I have kept all the default priors for the brms model apart from the sigma for now.

Although this model produces estimates similar to what we would expect based on the MCMCglmm model, I have to take these pretty cautiously as the model does not mix that well at all. there are a lot of transitions that exceed max tree depth and the sample sizes produced are quite low.

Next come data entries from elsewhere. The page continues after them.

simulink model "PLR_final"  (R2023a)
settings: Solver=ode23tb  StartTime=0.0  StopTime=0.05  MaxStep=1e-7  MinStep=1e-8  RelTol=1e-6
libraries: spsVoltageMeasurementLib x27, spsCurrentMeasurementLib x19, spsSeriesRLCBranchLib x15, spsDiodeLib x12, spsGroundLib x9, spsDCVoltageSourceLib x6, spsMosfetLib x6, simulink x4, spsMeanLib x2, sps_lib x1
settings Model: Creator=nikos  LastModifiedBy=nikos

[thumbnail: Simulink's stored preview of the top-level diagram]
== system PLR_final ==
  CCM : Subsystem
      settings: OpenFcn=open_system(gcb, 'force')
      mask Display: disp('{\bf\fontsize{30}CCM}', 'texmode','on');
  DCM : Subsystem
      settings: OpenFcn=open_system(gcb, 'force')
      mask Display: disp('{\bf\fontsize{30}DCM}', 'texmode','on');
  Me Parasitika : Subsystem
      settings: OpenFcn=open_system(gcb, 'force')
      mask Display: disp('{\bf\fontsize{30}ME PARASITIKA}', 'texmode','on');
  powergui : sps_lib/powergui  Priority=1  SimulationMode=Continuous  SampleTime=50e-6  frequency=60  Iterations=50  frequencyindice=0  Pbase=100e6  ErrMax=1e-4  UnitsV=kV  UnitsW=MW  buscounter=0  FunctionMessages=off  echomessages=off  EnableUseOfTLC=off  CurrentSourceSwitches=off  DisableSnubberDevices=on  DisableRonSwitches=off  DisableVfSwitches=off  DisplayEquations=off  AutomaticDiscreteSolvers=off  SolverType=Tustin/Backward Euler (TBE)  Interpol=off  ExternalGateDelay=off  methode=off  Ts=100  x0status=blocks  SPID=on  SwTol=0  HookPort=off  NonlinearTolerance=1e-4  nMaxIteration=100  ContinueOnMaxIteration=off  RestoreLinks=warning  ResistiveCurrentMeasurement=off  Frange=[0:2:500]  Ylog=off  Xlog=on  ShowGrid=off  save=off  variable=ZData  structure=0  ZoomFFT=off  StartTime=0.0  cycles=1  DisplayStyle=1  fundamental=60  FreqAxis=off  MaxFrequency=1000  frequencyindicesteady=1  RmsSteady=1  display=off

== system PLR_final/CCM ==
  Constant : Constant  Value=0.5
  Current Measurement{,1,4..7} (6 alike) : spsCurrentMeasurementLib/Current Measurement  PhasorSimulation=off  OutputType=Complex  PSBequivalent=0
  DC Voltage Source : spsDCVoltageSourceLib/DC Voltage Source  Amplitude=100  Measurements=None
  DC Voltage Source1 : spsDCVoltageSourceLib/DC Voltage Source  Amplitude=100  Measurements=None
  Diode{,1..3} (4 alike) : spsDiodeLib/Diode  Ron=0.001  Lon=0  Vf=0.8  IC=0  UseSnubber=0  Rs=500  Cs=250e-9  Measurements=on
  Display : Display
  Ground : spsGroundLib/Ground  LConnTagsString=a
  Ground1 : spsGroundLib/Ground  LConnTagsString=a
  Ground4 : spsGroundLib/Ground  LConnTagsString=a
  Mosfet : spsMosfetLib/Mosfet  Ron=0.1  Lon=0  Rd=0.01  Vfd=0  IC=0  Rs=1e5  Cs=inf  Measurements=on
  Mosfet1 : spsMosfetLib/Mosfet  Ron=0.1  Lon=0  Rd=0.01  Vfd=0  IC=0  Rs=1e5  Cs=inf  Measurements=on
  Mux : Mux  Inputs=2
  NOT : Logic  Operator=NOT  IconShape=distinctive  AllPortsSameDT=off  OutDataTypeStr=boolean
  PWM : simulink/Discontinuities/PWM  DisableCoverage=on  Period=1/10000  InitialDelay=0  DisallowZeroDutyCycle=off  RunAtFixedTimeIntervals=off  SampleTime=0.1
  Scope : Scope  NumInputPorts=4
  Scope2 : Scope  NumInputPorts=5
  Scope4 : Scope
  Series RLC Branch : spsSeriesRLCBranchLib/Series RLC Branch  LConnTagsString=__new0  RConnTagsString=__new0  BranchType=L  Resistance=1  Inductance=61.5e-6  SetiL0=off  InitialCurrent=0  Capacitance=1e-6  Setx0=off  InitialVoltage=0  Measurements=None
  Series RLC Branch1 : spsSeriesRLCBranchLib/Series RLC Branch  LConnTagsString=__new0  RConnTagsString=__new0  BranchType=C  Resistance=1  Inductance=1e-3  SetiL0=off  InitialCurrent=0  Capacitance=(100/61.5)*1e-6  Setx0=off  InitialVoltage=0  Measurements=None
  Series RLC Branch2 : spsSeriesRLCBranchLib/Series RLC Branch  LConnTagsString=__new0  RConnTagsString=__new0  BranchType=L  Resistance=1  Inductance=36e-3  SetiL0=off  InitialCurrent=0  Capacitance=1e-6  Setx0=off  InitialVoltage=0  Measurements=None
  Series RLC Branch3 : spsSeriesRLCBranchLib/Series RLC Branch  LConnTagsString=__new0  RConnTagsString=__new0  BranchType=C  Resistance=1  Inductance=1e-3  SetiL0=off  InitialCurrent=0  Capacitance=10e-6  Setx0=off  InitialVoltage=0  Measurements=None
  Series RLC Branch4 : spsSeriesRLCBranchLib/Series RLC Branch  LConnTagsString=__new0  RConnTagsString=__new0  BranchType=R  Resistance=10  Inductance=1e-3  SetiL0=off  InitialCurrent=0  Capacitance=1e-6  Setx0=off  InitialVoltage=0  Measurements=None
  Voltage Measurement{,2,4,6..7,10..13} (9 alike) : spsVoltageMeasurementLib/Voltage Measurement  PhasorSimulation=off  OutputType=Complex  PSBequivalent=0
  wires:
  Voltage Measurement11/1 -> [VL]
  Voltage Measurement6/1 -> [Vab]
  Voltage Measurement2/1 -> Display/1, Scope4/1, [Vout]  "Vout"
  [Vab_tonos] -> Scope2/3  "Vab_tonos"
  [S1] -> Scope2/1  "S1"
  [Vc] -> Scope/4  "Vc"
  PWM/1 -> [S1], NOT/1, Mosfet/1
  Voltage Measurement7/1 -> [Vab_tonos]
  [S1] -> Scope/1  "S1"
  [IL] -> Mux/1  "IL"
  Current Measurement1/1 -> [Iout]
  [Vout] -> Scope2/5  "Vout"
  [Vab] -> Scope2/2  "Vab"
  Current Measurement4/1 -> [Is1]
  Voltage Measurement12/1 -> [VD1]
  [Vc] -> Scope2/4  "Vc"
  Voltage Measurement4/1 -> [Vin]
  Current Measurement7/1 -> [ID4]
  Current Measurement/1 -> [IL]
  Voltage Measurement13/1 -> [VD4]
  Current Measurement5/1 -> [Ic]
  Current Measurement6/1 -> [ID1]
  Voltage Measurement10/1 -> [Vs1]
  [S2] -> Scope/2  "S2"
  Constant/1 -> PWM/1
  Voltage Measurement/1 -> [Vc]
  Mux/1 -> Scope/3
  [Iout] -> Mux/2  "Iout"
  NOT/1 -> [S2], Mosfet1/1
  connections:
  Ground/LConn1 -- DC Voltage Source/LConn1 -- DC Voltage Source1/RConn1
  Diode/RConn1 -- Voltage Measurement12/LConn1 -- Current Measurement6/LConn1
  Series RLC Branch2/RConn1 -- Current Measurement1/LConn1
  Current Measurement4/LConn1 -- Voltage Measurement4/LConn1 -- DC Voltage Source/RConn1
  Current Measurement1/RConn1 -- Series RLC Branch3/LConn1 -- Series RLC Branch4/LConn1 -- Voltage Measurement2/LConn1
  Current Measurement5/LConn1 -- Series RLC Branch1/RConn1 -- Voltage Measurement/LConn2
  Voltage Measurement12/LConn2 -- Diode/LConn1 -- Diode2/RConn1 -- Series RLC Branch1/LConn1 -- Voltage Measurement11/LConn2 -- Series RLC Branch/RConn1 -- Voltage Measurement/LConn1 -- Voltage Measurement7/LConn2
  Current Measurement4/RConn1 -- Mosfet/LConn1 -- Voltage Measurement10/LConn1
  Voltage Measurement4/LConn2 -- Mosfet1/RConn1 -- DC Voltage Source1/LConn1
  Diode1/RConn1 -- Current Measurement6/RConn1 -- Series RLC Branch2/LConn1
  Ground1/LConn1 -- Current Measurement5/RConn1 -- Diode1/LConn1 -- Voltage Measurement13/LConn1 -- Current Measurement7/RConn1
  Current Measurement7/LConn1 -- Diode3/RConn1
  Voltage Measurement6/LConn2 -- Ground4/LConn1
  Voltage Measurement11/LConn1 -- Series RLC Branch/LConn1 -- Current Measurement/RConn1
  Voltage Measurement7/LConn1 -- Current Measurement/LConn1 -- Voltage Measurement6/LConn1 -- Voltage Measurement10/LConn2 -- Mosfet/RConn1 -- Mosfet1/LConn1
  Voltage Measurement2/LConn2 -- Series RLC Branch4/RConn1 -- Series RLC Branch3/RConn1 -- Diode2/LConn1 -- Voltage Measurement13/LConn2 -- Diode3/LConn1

Think I need to play around with it a bit more as it could be a sample size issue with the fewer points for fitness but if you have any suggestions of course I will take them on board!
Thanks for all your help so far!

Whoops, turns out just more iterations and thinning was the key…
Thanks again @Ax3man . Now I know it works for the tutorial dataset just need to run it on my own data again!